Unnamed: 0,Age,EducationLevel,Income
0,25,High School,50000
1,30,Bachelor's,75000
2,22,Associate's,30000
3,45,Master's,90000
4,28,Bachelor's,60000
5,35,Master's,85000
6,40,PhD,100000
7,26,Associate's,55000
8,31,Bachelor's,70000
9,50,Master's,120000


In [20]:
#calculating covariance

df[['Age','Income']].cov()

Unnamed: 0,Age,Income
Age,84.177778,229222.2
Income,229222.222222,694722200.0


Only age and income are numerical features, so only they can be used to calculate covariance.

Here, we see that there is a very high positive covariance between Age and Income. Thus from this we can interpret that when age increases, income also increases.

Q6. You are working on a machine learning project with a dataset containing several categorical
variables, including "Gender" (Male/Female), "Education Level" (High School/Bachelor's/Master's/PhD),
and "Employment Status" (Unemployed/Part-Time/Full-Time). Which encoding method would you use for
each variable, and why?

Ans. The encoding methods which should be used are as follows:

- **Gender :** here two values of gender are male and femal. We should use One Hot Encoding because gender data has no order or ranking. Both gender have equal value. 

- **Education Level :** here the values are High School/Bachelor's/Master's/PhD. We note that these values are ordered. PhD is highest, Master's is on second number and son on. Hence, in this case we should use Ordinal Encoding.

- **Employment Status :** here also the values Unemployed/Part-Time/Full-Time can be considered as ordered, there is an inherent order in them. Hence, in this case also we should use Ordinal Encoding.

Q7. You are analyzing a dataset with two continuous variables, "Temperature" and "Humidity", and two
categorical variables, "Weather Condition" (Sunny/Cloudy/Rainy) and "Wind Direction" (North/South/
East/West). Calculate the covariance between each pair of variables and interpret the results.

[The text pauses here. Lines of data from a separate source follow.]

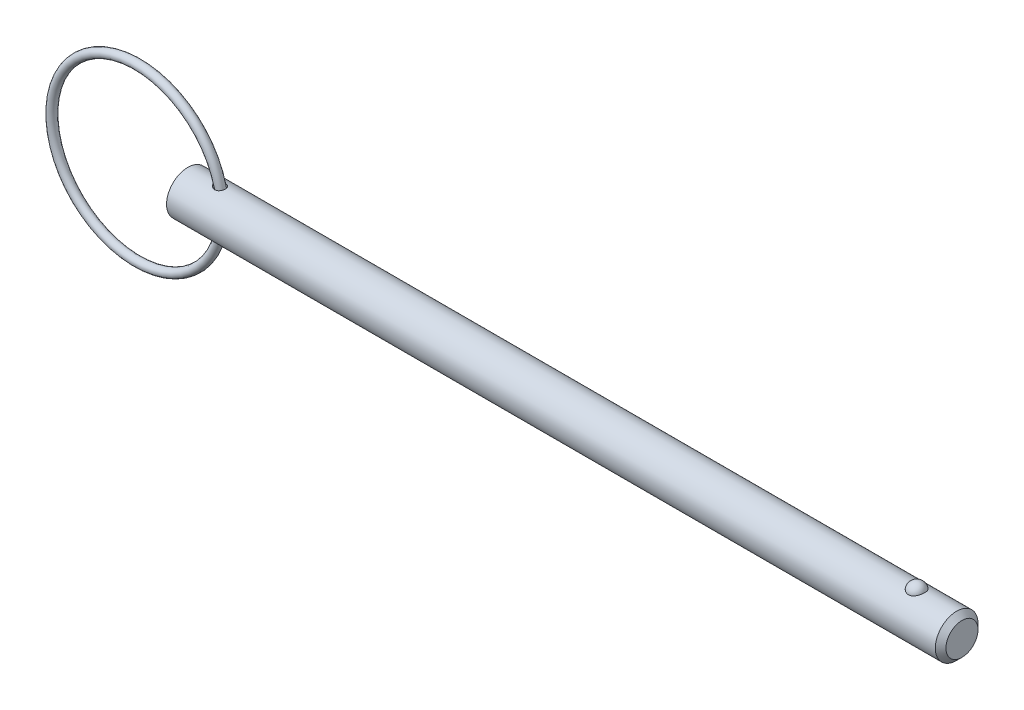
ISO-10303-21;
HEADER;
FILE_DESCRIPTION(('STEP AP214'),'2;1');
FILE_NAME('part.step','',(''),(''),'','','');
FILE_SCHEMA(('AUTOMOTIVE_DESIGN { 1 0 10303 214 1 1 1 1 }'));
ENDSEC;
DATA;
#1=APPLICATION_CONTEXT('core data for automotive mechanical design processes');
#2=APPLICATION_PROTOCOL_DEFINITION('international standard','automotive_design',2000,#1);
#3=PRODUCT_CONTEXT('',#1,'mechanical');
#4=PRODUCT('Part','Part','',(#3));
#5=PRODUCT_RELATED_PRODUCT_CATEGORY('part','',(#4));
#6=PRODUCT_DEFINITION_FORMATION('','',#4);
#7=PRODUCT_DEFINITION_CONTEXT('part definition',#1,'design');
#8=PRODUCT_DEFINITION('design','',#6,#7);
#9=PRODUCT_DEFINITION_SHAPE('','',#8);
#10=(LENGTH_UNIT() NAMED_UNIT(*) SI_UNIT(.MILLI.,.METRE.));
#11=(NAMED_UNIT(*) PLANE_ANGLE_UNIT() SI_UNIT($,.RADIAN.));
#12=(NAMED_UNIT(*) SI_UNIT($,.STERADIAN.) SOLID_ANGLE_UNIT());
#13=UNCERTAINTY_MEASURE_WITH_UNIT(LENGTH_MEASURE(1.E-05),#10,'distance_accuracy_value','');
#14=(GEOMETRIC_REPRESENTATION_CONTEXT(3) GLOBAL_UNCERTAINTY_ASSIGNED_CONTEXT((#13)) GLOBAL_UNIT_ASSIGNED_CONTEXT((#10,
#11,#12)) REPRESENTATION_CONTEXT('',''));
#15=CARTESIAN_POINT('',(0.,0.,0.));
#16=DIRECTION('',(0.,0.,1.));
#17=DIRECTION('',(1.,0.,0.));
#18=AXIS2_PLACEMENT_3D('',#15,#16,#17);
#19=CARTESIAN_POINT('',(-7.52490236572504,0.,0.));
#20=DIRECTION('',(0.,0.,1.));
#21=DIRECTION('',(1.,0.,0.));
#22=AXIS2_PLACEMENT_3D('',#19,#20,#21);
#23=TOROIDAL_SURFACE('',#22,12.7,0.635000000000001);
#24=CARTESIAN_POINT('',(5.81009763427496,0.,0.));
#25=VERTEX_POINT('',#24);
#26=VERTEX_LOOP('',#25);
#27=FACE_BOUND('',#26,.T.);
#28=ADVANCED_FACE('P0_F12',(#27),#23,.T.);
#29=CLOSED_SHELL('',(#28));
#30=MANIFOLD_SOLID_BREP('P0_B1',#29);
#31=CARTESIAN_POINT('',(0.,0.,0.));
#32=DIRECTION('',(1.,0.,0.));
#33=DIRECTION('',(0.,0.,-1.));
#34=AXIS2_PLACEMENT_3D('',#31,#32,#33);
#35=CYLINDRICAL_SURFACE('',#34,3.175);
#36=CARTESIAN_POINT('',(4.01221718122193,3.16142308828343,-0.293307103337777));
#37=CARTESIAN_POINT('',(4.03067993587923,3.15750982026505,-0.335477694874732));
#38=CARTESIAN_POINT('',(4.05297703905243,3.15289835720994,-0.375943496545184));
#39=CARTESIAN_POINT('',(4.10415276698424,3.14284099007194,-0.452407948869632));
#40=CARTESIAN_POINT('',(4.1330447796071,3.13739339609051,-0.488397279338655));
#41=CARTESIAN_POINT('',(4.19615348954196,3.12629932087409,-0.554988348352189));
#42=CARTESIAN_POINT('',(4.23034557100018,3.12065384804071,-0.585613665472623));
#43=CARTESIAN_POINT('',(4.3031328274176,3.10972452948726,-0.641123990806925));
#44=CARTESIAN_POINT('',(4.34172706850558,3.10444060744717,-0.666010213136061));
#45=CARTESIAN_POINT('',(4.42517725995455,3.09444053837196,-0.711079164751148));
#46=CARTESIAN_POINT('',(4.47028158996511,3.08978882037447,-0.730818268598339));
#47=CARTESIAN_POINT('',(4.56327045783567,3.08209858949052,-0.762602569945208));
#48=CARTESIAN_POINT('',(4.61115533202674,3.07906027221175,-0.774646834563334));
#49=CARTESIAN_POINT('',(4.70827322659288,3.0750396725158,-0.790458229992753));
#50=CARTESIAN_POINT('',(4.75750323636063,3.07405312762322,-0.79424252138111));
#51=CARTESIAN_POINT('',(4.85586074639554,3.07433427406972,-0.793155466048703));
#52=CARTESIAN_POINT('',(4.90498828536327,3.07560084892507,-0.788288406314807));
#53=CARTESIAN_POINT('',(4.99830385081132,3.08013122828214,-0.770385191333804));
#54=CARTESIAN_POINT('',(5.04260499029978,3.08325928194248,-0.757902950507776));
#55=CARTESIAN_POINT('',(5.1282462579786,3.09104671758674,-0.725486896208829));
#56=CARTESIAN_POINT('',(5.16958706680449,3.09570574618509,-0.705554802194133));
#57=CARTESIAN_POINT('',(5.24627719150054,3.10576748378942,-0.65981371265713));
#58=CARTESIAN_POINT('',(5.28181038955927,3.11112830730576,-0.634302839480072));
#59=CARTESIAN_POINT('',(5.34802604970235,3.12213947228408,-0.57766778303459));
#60=CARTESIAN_POINT('',(5.37870854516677,3.1277898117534,-0.546543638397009));
#61=CARTESIAN_POINT('',(5.43445707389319,3.13876145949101,-0.479533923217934));
#62=CARTESIAN_POINT('',(5.45951927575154,3.14408254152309,-0.443645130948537));
#63=CARTESIAN_POINT('',(5.50339935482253,3.15381660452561,-0.368122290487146));
#64=CARTESIAN_POINT('',(5.52221691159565,3.15822953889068,-0.328488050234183));
#65=CARTESIAN_POINT('',(5.55335622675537,3.16572312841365,-0.246075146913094));
#66=CARTESIAN_POINT('',(5.56559711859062,3.16878711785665,-0.203264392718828));
#67=CARTESIAN_POINT('',(5.58294807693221,3.17317503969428,-0.116135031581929));
#68=CARTESIAN_POINT('',(5.58805800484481,3.17449893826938,-0.0718163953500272));
#69=CARTESIAN_POINT('',(5.59103306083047,3.17526647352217,0.01723401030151));
#70=CARTESIAN_POINT('',(5.58887304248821,3.17470358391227,0.0619666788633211));
#71=CARTESIAN_POINT('',(5.57730300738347,3.17174350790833,0.15042284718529));
#72=CARTESIAN_POINT('',(5.56789286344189,3.16934628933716,0.1941463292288));
#73=CARTESIAN_POINT('',(5.54204285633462,3.16297605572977,0.27934466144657));
#74=CARTESIAN_POINT('',(5.52560272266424,3.15900298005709,0.320819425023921));
#75=CARTESIAN_POINT('',(5.4860820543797,3.14991364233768,0.400340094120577));
#76=CARTESIAN_POINT('',(5.46300145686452,3.14479736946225,0.438385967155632));
#77=CARTESIAN_POINT('',(5.41080575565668,3.1339965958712,0.509900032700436));
#78=CARTESIAN_POINT('',(5.3817004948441,3.12831302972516,0.54337554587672));
#79=CARTESIAN_POINT('',(5.31818122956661,3.11701107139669,0.604852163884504));
#80=CARTESIAN_POINT('',(5.2837678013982,3.11139267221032,0.632853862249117));
#81=CARTESIAN_POINT('',(5.21096127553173,3.10091904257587,0.682320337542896));
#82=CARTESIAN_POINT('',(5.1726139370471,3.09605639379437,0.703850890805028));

Ans. The python code using random variables is as shown:

In [21]:
import pandas as pd

data = {
    "Temperature": [25.5, 22.0, 28.3, 20.8, 23.7, 26.1, 24.4, 27.9, 21.6, 29.2],
    "Humidity": [60, 75, 45, 85, 50, 62, 68, 55, 80, 40],
    "Weather Condition": ["Sunny", "Cloudy", "Rainy", "Cloudy", "Sunny", "Rainy", "Cloudy", "Sunny", "Rainy", "Sunny"],
    "Wind Direction": ["North", "South", "East", "West", "North", "South", "East", "West", "North", "South"]
}

df = pd.DataFrame(data)

df

Unnamed: 0,Temperature,Humidity,Weather Condition,Wind Direction
0,25.5,60,Sunny,North
1,22.0,75,Cloudy,South
2,28.3,45,Rainy,East
3,20.8,85,Cloudy,West
4,23.7,50,Sunny,North
5,26.1,62,Rainy,South
6,24.4,68,Cloudy,East
7,27.9,55,Sunny,West
8,21.6,80,Rainy,North
9,29.2,40,Sunny,South


In [24]:
df[['Temperature','Humidity']].cov()

Unnamed: 0,Temperature,Humidity
Temperature,8.736111,-39.4
Humidity,-39.4,225.333333


Only Temperature and Humidity are numerical features, so only they can be used to calculate covariance. 

So, we see that there is a negative covariance between temperature and humidity. Thus from this we can interpret that, as the temperature increases the humidity decreases.